ADDIS ABABA, Feb 14 – African Union leaders have warned that malaria could surge to more than 400 million cases annually and over one million deaths across the continent if funding gaps are not urgently addressed.
The warning came as the African Union Malaria Progress Report 2025 was presented at the 39th AU Summit in Ethiopia. The report projects that a 30 percent reduction in financing would lead to 146 million additional malaria cases and 397,000 extra deaths by 2030, with children under five accounting for three quarters of the fatalities. Economic losses from such a scenario are estimated at 37 billion US dollars in lost gross domestic product.
Dr. Pakishe Aaron Motsoaledi, South Africa’s Minister of Health speaking on behalf of President Cyril Ramaphosa, pointed to a broader shift in global health partnerships. “In the past five years, official development assistance for health has declined significantly, and multilateral partnerships are increasingly replaced by bilateral agreements,” he said. He highlighted that next-generation technologies, including new vaccines, antimalarial treatments, and diagnostics, offer hope to save millions of lives and keep the continent on track toward malaria elimination.
“But we can only realise this promise if we secure the necessary financing,” he told heads of state.
Despite the looming risk, the report highlights progress in technology deployment. In 2025, 74 percent of insecticide treated nets distributed were dual active ingredient nets, up from 20 percent in 2023, offering 45 percent better protection against resistant mosquitoes. Vaccine rollout has also accelerated: 24 countries distributed 28.3 million WHO-approved malaria vaccine doses to children under five in 2025, compared with 10.5 million in 2024. Two spatial repellent products were prequalified for the first time in decades, and 22 countries planned seasonal malaria chemoprevention campaigns.
The report also stresses the importance of local production to improve supply security. Africa imports 99 percent of its vaccines and 95 percent of medicines. Nigeria has partnered to produce antimalarial treatments and rapid diagnostic tests domestically and is moving to manufacture next-generation nets. The African Medicines Agency, ratified by 31 countries, is harmonising regulatory frameworks to accelerate approval of new health products.

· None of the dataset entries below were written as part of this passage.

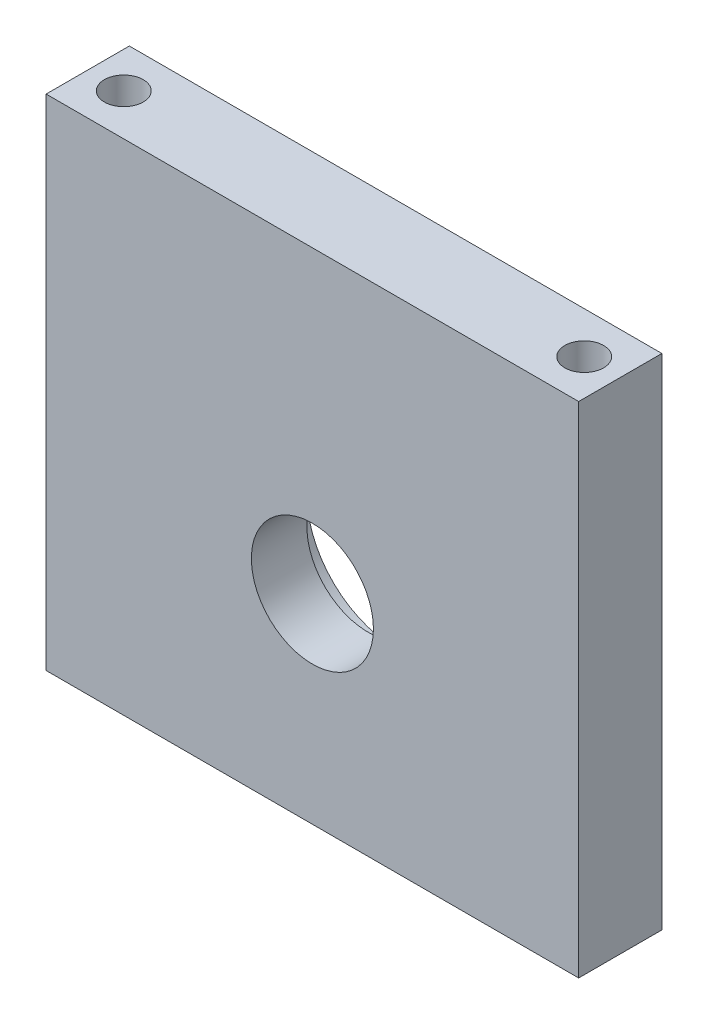
SolidWorks part; units mm, degrees
ref_plane "Plan de face" through (0, 0, 0) normal (0, 0, 1) x (1, 0, 0)
ref_plane "Plan de dessus" through (0, 0, 0) normal (0, 1, 0) x (1, 0, 0)
ref_plane "Plan de droite" through (0, 0, 0) normal (1, 0, 0) x (0, 0, -1)
sketch "Esquisse1" plane through (0, 0, 0) normal (0, 0, 1) x (1, 0, 0)
  line L1 (-24, 22.5) -> (24, 22.5)
  line L2 (-24, 22.5) -> (-24, -22.5)
  line L3 (-24, -22.5) -> (24, -22.5)
  line L4 (24, 22.5) -> (24, -22.5)
  line L5 (-24, 22.5) -> (24, -22.5) construction
  line L6 (-24, -22.5) -> (24, 22.5) construction
  point P0 (0, 0)
  dimension "D1" = 45
  dimension "D2" = 48
extrude "Boss.-Extru.1" add sketch "Esquisse1" along normal blind 7.5
sketch "Esquisse2" plane through (0, -22.5, 0) normal (0, -1, 0) x (1, 0, 0)
  line L0 (-24, 3.75) -> (24, 3.75) construction
  line L3 (-24, 7.5) -> (-24, 0) construction
  line L4 (24, 7.5) -> (24, 0) construction
  line L5 (-20.75, 5.5) -> (-20.75, 7.5) construction
  line L6 (-24, 7.5) -> (24, 7.5) construction
  line L7 (-22.5, 3.75) -> (-24, 3.75) construction
  line L8 (22.5, 3.75) -> (24, 3.75) construction
  circle A0 centre (-20.75, 3.75) radius 1.75
  circle A1 centre (20.75, 3.75) radius 1.75
  dimension "D1" = 3.5
  dimension "D2" = 3.5
  dimension "D3" = 41.5
  dimension "D4" = 1.5
extrude "Enlèv. mat.-Extru.1" cut sketch "Esquisse2" against normal blind 7
sketch "Esquisse3" plane through (0, 22.5, 0) normal (0, 1, 0) x (1, 0, 0)
  line L0 (-24, -3.75) -> (24, -3.75) construction
  line L1 (-24, -7.5) -> (-24, 0) construction
  line L2 (24, -7.5) -> (24, 0) construction
  line L3 (-22.5, -3.75) -> (-24, -3.75) construction
  line L4 (22.5, -3.75) -> (24, -3.75) construction
  circle A0 centre (-20.75, -3.75) radius 1.75
  circle A1 centre (20.75, -3.75) radius 1.75
  dimension "D3" = 3.5
  dimension "D4" = 3.5
  dimension "D1" = 41.5
  dimension "D2" = 1.5
extrude "Enlèv. mat.-Extru.2" cut sketch "Esquisse3" against normal blind 7
sketch "Esquisse4" plane through (0, 0, 0) normal (0, 0, -1) x (-1, 0, 0)
  line L0 (24, -22.5) -> (-24, -22.5) construction
  line L1 (0, 22.5) -> (0, -22.5) construction
  line L2 (-24, 22.5) -> (24, 22.5) construction
  circle A0 centre (0, -4.5) radius 8
  point P8 (0, 0)
  dimension "D1" = 18
  dimension "D2" = 16
sketch "Esquisse5" plane through (0, 0, 7.5) normal (0, 0, 1) x (1, 0, 0)
  circle A0 centre (0, -4.5) radius 5.5
  dimension "D1" = 11
extrude "Enlèv. mat.-Extru.3" cut sketch "Esquisse5" against normal blind 5
extrude "Enlèv. mat.-Extru.4" cut sketch "Esquisse4" against normal blind 2.5

Heads of state stressed that domestic financing must complement international support. Member states pledged to scale up resource mobilisation, strengthen national health financing sustainability plans, and expand innovative funding mechanisms. End Malaria Councils and Funds in 12 countries have mobilised over 200 million US dollars through public-private partnerships.
Leaders also called on global partners to revive the World Bank’s Malaria Booster Programme, which committed more than one billion US dollars between 2005 and 2010. They argued that a renewed programme could close financing gaps, deploy next-generation tools, reinforce community health worker programmes, and build climate-resilient health systems.